** Exercise objective **
Search the records below for "ezdxf"; copy each line that has it.

** Extracted records **
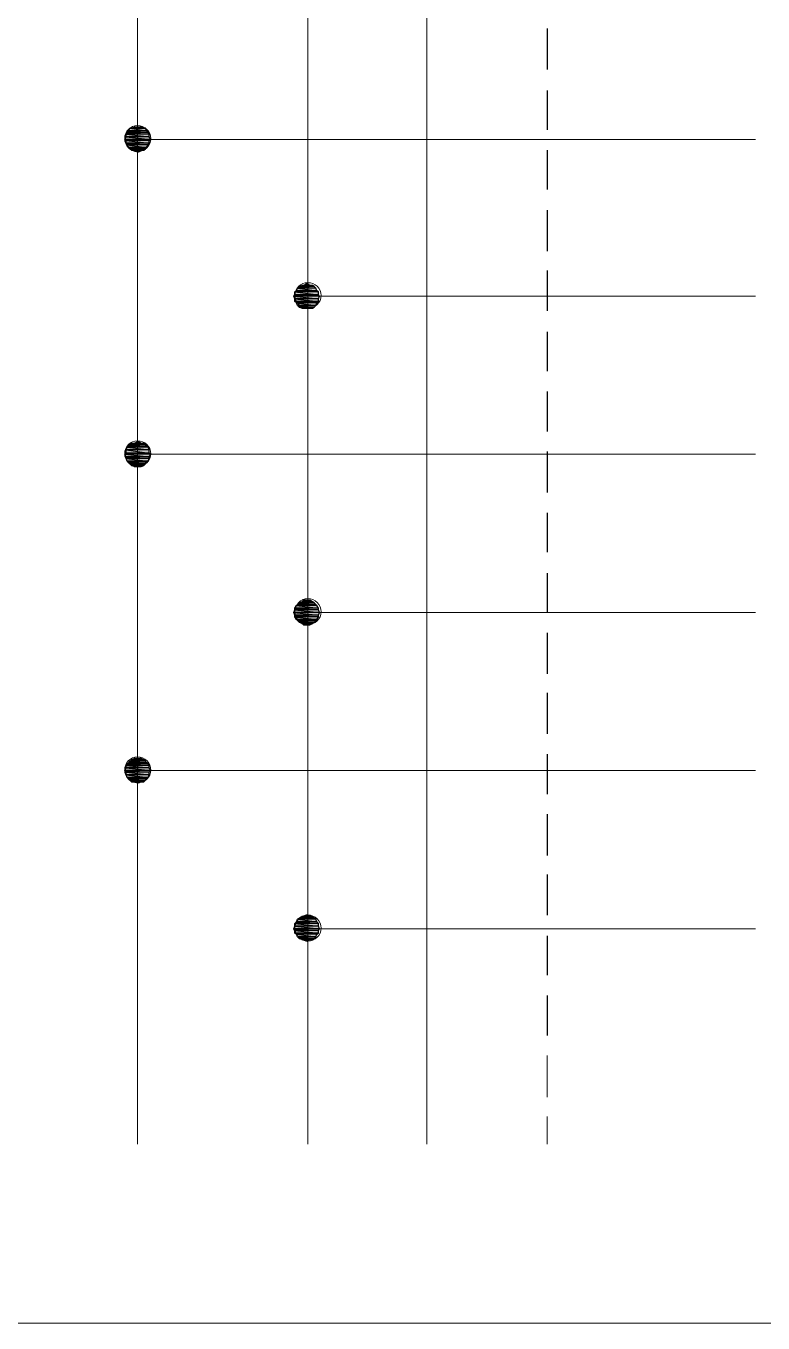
# Model space of a CAD drawing. Header units: millimetres. Extents: x 3240 to 3412, y 1366 to 1426.
# Drawn here: x 3254.365 to 3256.656, y 1370.664 to 1374.691 of the extents above; entities that cross this region are included whole.
import ezdxf

# ---------------------------------------------------------------- set-up
doc = ezdxf.new("R2010")
doc.units = ezdxf.units.MM

msp = doc.modelspace()

# ---------------------------------------------------------------- hatches: boundary and pattern name
at = {"true_color": 0x000007}
h = msp.add_hatch(color=7, dxfattribs=at)
h.paths.add_polyline_path([(3254.7229, 1374.3767), (3254.7014, 1374.3767), (3254.7312, 1374.3734)])
h.paths.add_polyline_path([(3254.7014, 1374.3767), (3254.7312, 1374.3734), (3254.6932, 1374.3734)])
h = msp.add_hatch(color=7, dxfattribs=at)
h.paths.add_polyline_path([(3254.7477, 1374.3469), (3254.6766, 1374.3469), (3254.7527, 1374.3387)])
h.paths.add_polyline_path([(3254.6766, 1374.3469), (3254.7527, 1374.3387), (3254.6717, 1374.3387)])
h = msp.add_hatch(color=7, dxfattribs=at)
h.paths.add_polyline_path([(3254.7527, 1374.3387), (3254.6717, 1374.3387), (3254.7477, 1374.3354)])
h.paths.add_polyline_path([(3254.6717, 1374.3387), (3254.7477, 1374.3354), (3254.6766, 1374.3354)])
h = msp.add_hatch(color=7, dxfattribs=at)
h.paths.add_polyline_path([(3254.7444, 1374.3602), (3254.6799, 1374.3602), (3254.7477, 1374.3552)])
h.paths.add_polyline_path([(3254.6799, 1374.3602), (3254.7477, 1374.3552), (3254.6766, 1374.3552)])
h = msp.add_hatch(color=7, dxfattribs=at)
h.paths.add_polyline_path([(3254.7477, 1374.3552), (3254.6766, 1374.3552), (3254.7477, 1374.3469)])
h.paths.add_polyline_path([(3254.6766, 1374.3552), (3254.7477, 1374.3469), (3254.6766, 1374.3469)])
h = msp.add_hatch(color=7, dxfattribs=at)
h.paths.add_polyline_path([(3254.7395, 1374.3651), (3254.6849, 1374.3651), (3254.7444, 1374.3602)])
h.paths.add_polyline_path([(3254.6849, 1374.3651), (3254.7444, 1374.3602), (3254.6799, 1374.3602)])
h = msp.add_hatch(color=7, dxfattribs=at)
h.paths.add_polyline_path([(3254.7362, 1374.3734), (3254.6882, 1374.3734), (3254.7395, 1374.3651)])
h.paths.add_polyline_path([(3254.6882, 1374.3734), (3254.7395, 1374.3651), (3254.6849, 1374.3651)])
h = msp.add_hatch(color=7, dxfattribs=at)
h.paths.add_polyline_path([(3254.7477, 1374.3354), (3254.6766, 1374.3354), (3254.7477, 1374.3271)])
h.paths.add_polyline_path([(3254.6766, 1374.3354), (3254.7477, 1374.3271), (3254.6766, 1374.3271)])
h = msp.add_hatch(color=7, dxfattribs=at)
h.paths.add_polyline_path([(3254.7477, 1374.3271), (3254.6766, 1374.3271), (3254.7444, 1374.3221)])
h.paths.add_polyline_path([(3254.6766, 1374.3271), (3254.7444, 1374.3221), (3254.6799, 1374.3221)])
h = msp.add_hatch(color=7, dxfattribs=at)
h.paths.add_polyline_path([(3254.7444, 1374.3221), (3254.6799, 1374.3221), (3254.7395, 1374.3139)])
h.paths.add_polyline_path([(3254.6799, 1374.3221), (3254.7395, 1374.3139), (3254.6849, 1374.3139)])
h = msp.add_hatch(color=7, dxfattribs=at)
h.paths.add_polyline_path([(3254.7395, 1374.3139), (3254.6849, 1374.3139), (3254.7362, 1374.3089)])
h.paths.add_polyline_path([(3254.6849, 1374.3139), (3254.7362, 1374.3089), (3254.6882, 1374.3089)])
h = msp.add_hatch(color=7, dxfattribs=at)
h.paths.add_polyline_path([(3254.7362, 1374.3089), (3254.6882, 1374.3089), (3254.7312, 1374.3056)])
h.paths.add_polyline_path([(3254.6882, 1374.3089), (3254.7312, 1374.3056), (3254.6932, 1374.3056)])
h = msp.add_hatch(color=7, dxfattribs=at)
h.paths.add_polyline_path([(3254.7229, 1374.3056), (3254.7014, 1374.3056), (3254.7147, 1374.3006)])
h.paths.add_polyline_path([(3254.7014, 1374.3056), (3254.7147, 1374.3006), (3254.7097, 1374.3006)])
h = msp.add_hatch(color=7, dxfattribs=at)
h.paths.add_polyline_path([(3255.2737, 1373.8557), (3255.2009, 1373.8557), (3255.277, 1373.8524)])
h.paths.add_polyline_path([(3255.2009, 1373.8557), (3255.277, 1373.8524), (3255.1976, 1373.8524)])
h = msp.add_hatch(color=7, dxfattribs=at)
h.paths.add_polyline_path([(3255.2687, 1373.869), (3255.2059, 1373.869), (3255.2737, 1373.8657)])
h.paths.add_polyline_path([(3255.2059, 1373.869), (3255.2737, 1373.8657), (3255.2009, 1373.8657)])
h = msp.add_hatch(color=7, dxfattribs=at)
h.paths.add_polyline_path([(3255.2737, 1373.8657), (3255.2009, 1373.8657), (3255.2737, 1373.8557)])
h.paths.add_polyline_path([(3255.2009, 1373.8657), (3255.2737, 1373.8557), (3255.2009, 1373.8557)])
h = msp.add_hatch(color=7, dxfattribs=at)
h.paths.add_polyline_path([(3255.2654, 1373.8772), (3255.2092, 1373.8772), (3255.2687, 1373.869)])
h.paths.add_polyline_path([(3255.2092, 1373.8772), (3255.2687, 1373.869), (3255.2059, 1373.869)])
h = msp.add_hatch(color=7, dxfattribs=at)
h.paths.add_polyline_path([(3255.2604, 1373.8822), (3255.2141, 1373.8822), (3255.2654, 1373.8772)])
h.paths.add_polyline_path([(3255.2141, 1373.8822), (3255.2654, 1373.8772), (3255.2092, 1373.8772)])
h = msp.add_hatch(color=7, dxfattribs=at)
h.paths.add_polyline_path([(3255.2555, 1373.8855), (3255.2224, 1373.8855), (3255.2604, 1373.8822)])
h.paths.add_polyline_path([(3255.2224, 1373.8855), (3255.2604, 1373.8822), (3255.2141, 1373.8822)])
h = msp.add_hatch(color=7, dxfattribs=at)
h.paths.add_polyline_path([(3255.2389, 1373.8905), (3255.2356, 1373.8905), (3255.2472, 1373.8855)])
h.paths.add_polyline_path([(3255.2356, 1373.8905), (3255.2472, 1373.8855), (3255.2274, 1373.8855)])
h = msp.add_hatch(color=7, dxfattribs=at)
h.paths.add_polyline_path([(3255.277, 1373.8524), (3255.1976, 1373.8524), (3255.2737, 1373.8442)])
h.paths.add_polyline_path([(3255.1976, 1373.8524), (3255.2737, 1373.8442), (3255.2009, 1373.8442)])
h = msp.add_hatch(color=7, dxfattribs=at)
h.paths.add_polyline_path([(3255.2737, 1373.8442), (3255.2009, 1373.8442), (3255.2737, 1373.8359)])
h.paths.add_polyline_path([(3255.2009, 1373.8442), (3255.2737, 1373.8359), (3255.2009, 1373.8359)])
h = msp.add_hatch(color=7, dxfattribs=at)
h.paths.add_polyline_path([(3255.2737, 1373.8359), (3255.2009, 1373.8359), (3255.2687, 1373.8309)])
h.paths.add_polyline_path([(3255.2009, 1373.8359), (3255.2687, 1373.8309), (3255.2059, 1373.8309)])
h = msp.add_hatch(color=7, dxfattribs=at)
h.paths.add_polyline_path([(3255.2687, 1373.8309), (3255.2059, 1373.8309), (3255.2654, 1373.8227)])
h.paths.add_polyline_path([(3255.2059, 1373.8309), (3255.2654, 1373.8227), (3255.2092, 1373.8227)])
h = msp.add_hatch(color=7, dxfattribs=at)
h.paths.add_polyline_path([(3255.2654, 1373.8227), (3255.2092, 1373.8227), (3255.2604, 1373.8177)])
h.paths.add_polyline_path([(3255.2092, 1373.8227), (3255.2604, 1373.8177), (3255.2141, 1373.8177)])
h = msp.add_hatch(color=7, dxfattribs=at)
h.paths.add_polyline_path([(3255.2604, 1373.8177), (3255.2141, 1373.8177), (3255.2555, 1373.8144)])
h.paths.add_polyline_path([(3255.2141, 1373.8177), (3255.2555, 1373.8144), (3255.2224, 1373.8144)])
h = msp.add_hatch(color=7, dxfattribs=at)
h.paths.add_polyline_path([(3254.7444, 1373.3827), (3254.6799, 1373.3827), (3254.7477, 1373.3745)])
h.paths.add_polyline_path([(3254.6799, 1373.3827), (3254.7477, 1373.3745), (3254.6766, 1373.3745)])
h = msp.add_hatch(color=7, dxfattribs=at)
h.paths.add_polyline_path([(3254.7477, 1373.3745), (3254.6766, 1373.3745), (3254.7477, 1373.3645)])
h.paths.add_polyline_path([(3254.6766, 1373.3745), (3254.7477, 1373.3645), (3254.6766, 1373.3645)])
h = msp.add_hatch(color=7, dxfattribs=at)
h.paths.add_polyline_path([(3254.7395, 1373.386), (3254.6849, 1373.386), (3254.7444, 1373.3827)])
h.paths.add_polyline_path([(3254.6849, 1373.386), (3254.7444, 1373.3827), (3254.6799, 1373.3827)])
h = msp.add_hatch(color=7, dxfattribs=at)
h.paths.add_polyline_path([(3254.7362, 1373.391), (3254.6882, 1373.391), (3254.7395, 1373.386)])
h.paths.add_polyline_path([(3254.6882, 1373.391), (3254.7395, 1373.386), (3254.6849, 1373.386)])
h = msp.add_hatch(color=7, dxfattribs=at)
h.paths.add_polyline_path([(3254.7312, 1373.3943), (3254.6932, 1373.3943), (3254.7362, 1373.391)])
h.paths.add_polyline_path([(3254.6932, 1373.3943), (3254.7362, 1373.391), (3254.6882, 1373.391)])
h = msp.add_hatch(color=7, dxfattribs=at)
h.paths.add_polyline_path([(3254.7147, 1373.3993), (3254.7097, 1373.3993), (3254.7229, 1373.3943)])
h.paths.add_polyline_path([(3254.7097, 1373.3993), (3254.7229, 1373.3943), (3254.7014, 1373.3943)])
h = msp.add_hatch(color=7, dxfattribs=at)
h.paths.add_polyline_path([(3254.7477, 1373.3645), (3254.6766, 1373.3645), (3254.7527, 1373.3612)])
h.paths.add_polyline_path([(3254.6766, 1373.3645), (3254.7527, 1373.3612), (3254.6717, 1373.3612)])
h = msp.add_hatch(color=7, dxfattribs=at)
h.paths.add_polyline_path([(3254.7527, 1373.3612), (3254.6717, 1373.3612), (3254.7477, 1373.353)])
h.paths.add_polyline_path([(3254.6717, 1373.3612), (3254.7477, 1373.353), (3254.6766, 1373.353)])
h = msp.add_hatch(color=7, dxfattribs=at)
h.paths.add_polyline_path([(3254.7477, 1373.353), (3254.6766, 1373.353), (3254.7477, 1373.348)])
h.paths.add_polyline_path([(3254.6766, 1373.353), (3254.7477, 1373.348), (3254.6766, 1373.348)])
h = msp.add_hatch(color=7, dxfattribs=at)
h.paths.add_polyline_path([(3254.7477, 1373.348), (3254.6766, 1373.348), (3254.7444, 1373.3397)])
h.paths.add_polyline_path([(3254.6766, 1373.348), (3254.7444, 1373.3397), (3254.6799, 1373.3397)])
h = msp.add_hatch(color=7, dxfattribs=at)
h.paths.add_polyline_path([(3254.7444, 1373.3397), (3254.6799, 1373.3397), (3254.7395, 1373.3364)])
h.paths.add_polyline_path([(3254.6799, 1373.3397), (3254.7395, 1373.3364), (3254.6849, 1373.3364)])
h = msp.add_hatch(color=7, dxfattribs=at)
h.paths.add_polyline_path([(3254.7395, 1373.3364), (3254.6849, 1373.3364), (3254.7362, 1373.3315)])
h.paths.add_polyline_path([(3254.6849, 1373.3364), (3254.7362, 1373.3315), (3254.6882, 1373.3315)])
h = msp.add_hatch(color=7, dxfattribs=at)
h.paths.add_polyline_path([(3254.7362, 1373.3315), (3254.6882, 1373.3315), (3254.7312, 1373.3265)])
h.paths.add_polyline_path([(3254.6882, 1373.3315), (3254.7312, 1373.3265), (3254.6932, 1373.3265)])
h = msp.add_hatch(color=7, dxfattribs=at)
h.paths.add_polyline_path([(3254.7312, 1373.3265), (3254.6932, 1373.3265), (3254.7229, 1373.3232)])
h.paths.add_polyline_path([(3254.6932, 1373.3265), (3254.7229, 1373.3232), (3254.7014, 1373.3232)])
h = msp.add_hatch(color=7, dxfattribs=at)
h.paths.add_polyline_path([(3255.2687, 1372.8915), (3255.2059, 1372.8915), (3255.2737, 1372.8832)])
h.paths.add_polyline_path([(3255.2059, 1372.8915), (3255.2737, 1372.8832), (3255.2009, 1372.8832)])
h = msp.add_hatch(color=7, dxfattribs=at)
h.paths.add_polyline_path([(3255.2654, 1372.8948), (3255.2092, 1372.8948), (3255.2687, 1372.8915)])
h.paths.add_polyline_path([(3255.2092, 1372.8948), (3255.2687, 1372.8915), (3255.2059, 1372.8915)])
h = msp.add_hatch(color=7, dxfattribs=at)
h.paths.add_polyline_path([(3255.2604, 1372.8998), (3255.2141, 1372.8998), (3255.2654, 1372.8948)])
h.paths.add_polyline_path([(3255.2141, 1372.8998), (3255.2654, 1372.8948), (3255.2092, 1372.8948)])
h = msp.add_hatch(color=7, dxfattribs=at)
h.paths.add_polyline_path([(3255.2555, 1372.9031), (3255.2224, 1372.9031), (3255.2604, 1372.8998)])
h.paths.add_polyline_path([(3255.2224, 1372.9031), (3255.2604, 1372.8998), (3255.2141, 1372.8998)])
h = msp.add_hatch(color=7, dxfattribs=at)
h.paths.add_polyline_path([(3255.2472, 1372.9081), (3255.2274, 1372.9081), (3255.2555, 1372.9031)])
h.paths.add_polyline_path([(3255.2274, 1372.9081), (3255.2555, 1372.9031), (3255.2224, 1372.9031)])
h = msp.add_hatch(color=7, dxfattribs=at)
h.paths.add_polyline_path([(3255.2737, 1372.8783), (3255.2009, 1372.8783), (3255.277, 1372.87)])
h.paths.add_polyline_path([(3255.2009, 1372.8783), (3255.277, 1372.87), (3255.1976, 1372.87)])
h = msp.add_hatch(color=7, dxfattribs=at)
h.paths.add_polyline_path([(3255.277, 1372.87), (3255.1976, 1372.87), (3255.2737, 1372.8617)])
h.paths.add_polyline_path([(3255.1976, 1372.87), (3255.2737, 1372.8617), (3255.2009, 1372.8617)])
h = msp.add_hatch(color=7, dxfattribs=at)
h.paths.add_polyline_path([(3255.2737, 1372.8832), (3255.2009, 1372.8832), (3255.2737, 1372.8783)])
h.paths.add_polyline_path([(3255.2009, 1372.8832), (3255.2737, 1372.8783), (3255.2009, 1372.8783)])
h = msp.add_hatch(color=7, dxfattribs=at)
h.paths.add_polyline_path([(3255.2737, 1372.8617), (3255.2009, 1372.8617), (3255.2737, 1372.8568)])
h.paths.add_polyline_path([(3255.2009, 1372.8617), (3255.2737, 1372.8568), (3255.2009, 1372.8568)])
h = msp.add_hatch(color=7, dxfattribs=at)
h.paths.add_polyline_path([(3255.2737, 1372.8568), (3255.2009, 1372.8568), (3255.2687, 1372.8485)])
h.paths.add_polyline_path([(3255.2009, 1372.8568), (3255.2687, 1372.8485), (3255.2059, 1372.8485)])
h = msp.add_hatch(color=7, dxfattribs=at)
h.paths.add_polyline_path([(3255.2687, 1372.8485), (3255.2059, 1372.8485), (3255.2654, 1372.8452)])
h.paths.add_polyline_path([(3255.2059, 1372.8485), (3255.2654, 1372.8452), (3255.2092, 1372.8452)])
h = msp.add_hatch(color=7, dxfattribs=at)
h.paths.add_polyline_path([(3255.2654, 1372.8452), (3255.2092, 1372.8452), (3255.2604, 1372.8402)])
h.paths.add_polyline_path([(3255.2092, 1372.8452), (3255.2604, 1372.8402), (3255.2141, 1372.8402)])
h = msp.add_hatch(color=7, dxfattribs=at)
h.paths.add_polyline_path([(3255.2604, 1372.8402), (3255.2141, 1372.8402), (3255.2555, 1372.8353)])
h.paths.add_polyline_path([(3255.2141, 1372.8402), (3255.2555, 1372.8353), (3255.2224, 1372.8353)])
h = msp.add_hatch(color=7, dxfattribs=at)
h.paths.add_polyline_path([(3255.2555, 1372.8353), (3255.2224, 1372.8353), (3255.2472, 1372.832)])
h.paths.add_polyline_path([(3255.2224, 1372.8353), (3255.2472, 1372.832), (3255.2274, 1372.832)])
h = msp.add_hatch(color=7, dxfattribs=at)
h.paths.add_polyline_path([(3254.7395, 1372.4036), (3254.6849, 1372.4036), (3254.7444, 1372.4003)])
h.paths.add_polyline_path([(3254.6849, 1372.4036), (3254.7444, 1372.4003), (3254.6799, 1372.4003)])
h = msp.add_hatch(color=7, dxfattribs=at)
h.paths.add_polyline_path([(3254.7362, 1372.4086), (3254.6882, 1372.4086), (3254.7395, 1372.4036)])
h.paths.add_polyline_path([(3254.6882, 1372.4086), (3254.7395, 1372.4036), (3254.6849, 1372.4036)])
h = msp.add_hatch(color=7, dxfattribs=at)
h.paths.add_polyline_path([(3254.7312, 1372.4119), (3254.6932, 1372.4119), (3254.7362, 1372.4086)])
h.paths.add_polyline_path([(3254.6932, 1372.4119), (3254.7362, 1372.4086), (3254.6882, 1372.4086)])
h = msp.add_hatch(color=7, dxfattribs=at)
h.paths.add_polyline_path([(3254.7229, 1372.4169), (3254.7014, 1372.4169), (3254.7312, 1372.4119)])
h.paths.add_polyline_path([(3254.7014, 1372.4169), (3254.7312, 1372.4119), (3254.6932, 1372.4119)])
h = msp.add_hatch(color=7, dxfattribs=at)
h.paths.add_polyline_path([(3254.7477, 1372.3871), (3254.6766, 1372.3871), (3254.7527, 1372.3788)])
h.paths.add_polyline_path([(3254.6766, 1372.3871), (3254.7527, 1372.3788), (3254.6717, 1372.3788)])
h = msp.add_hatch(color=7, dxfattribs=at)
h.paths.add_polyline_path([(3254.7527, 1372.3788), (3254.6717, 1372.3788), (3254.7477, 1372.3738)])
h.paths.add_polyline_path([(3254.6717, 1372.3788), (3254.7477, 1372.3738), (3254.6766, 1372.3738)])
h = msp.add_hatch(color=7, dxfattribs=at)
h.paths.add_polyline_path([(3254.7444, 1372.4003), (3254.6799, 1372.4003), (3254.7477, 1372.3953)])
h.paths.add_polyline_path([(3254.6799, 1372.4003), (3254.7477, 1372.3953), (3254.6766, 1372.3953)])
h = msp.add_hatch(color=7, dxfattribs=at)
h.paths.add_polyline_path([(3254.7477, 1372.3953), (3254.6766, 1372.3953), (3254.7477, 1372.3871)])
h.paths.add_polyline_path([(3254.6766, 1372.3953), (3254.7477, 1372.3871), (3254.6766, 1372.3871)])
h = msp.add_hatch(color=7, dxfattribs=at)
h.paths.add_polyline_path([(3254.7477, 1372.3738), (3254.6766, 1372.3738), (3254.7477, 1372.3656)])
h.paths.add_polyline_path([(3254.6766, 1372.3738), (3254.7477, 1372.3656), (3254.6766, 1372.3656)])
h = msp.add_hatch(color=7, dxfattribs=at)
h.paths.add_polyline_path([(3254.7477, 1372.3656), (3254.6766, 1372.3656), (3254.7444, 1372.3573)])
h.paths.add_polyline_path([(3254.6766, 1372.3656), (3254.7444, 1372.3573), (3254.6799, 1372.3573)])
h = msp.add_hatch(color=7, dxfattribs=at)
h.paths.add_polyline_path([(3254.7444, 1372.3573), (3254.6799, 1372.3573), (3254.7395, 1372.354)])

** Response box **
import ezdxf
doc = ezdxf.new("R2010")
doc.units = ezdxf.units.MM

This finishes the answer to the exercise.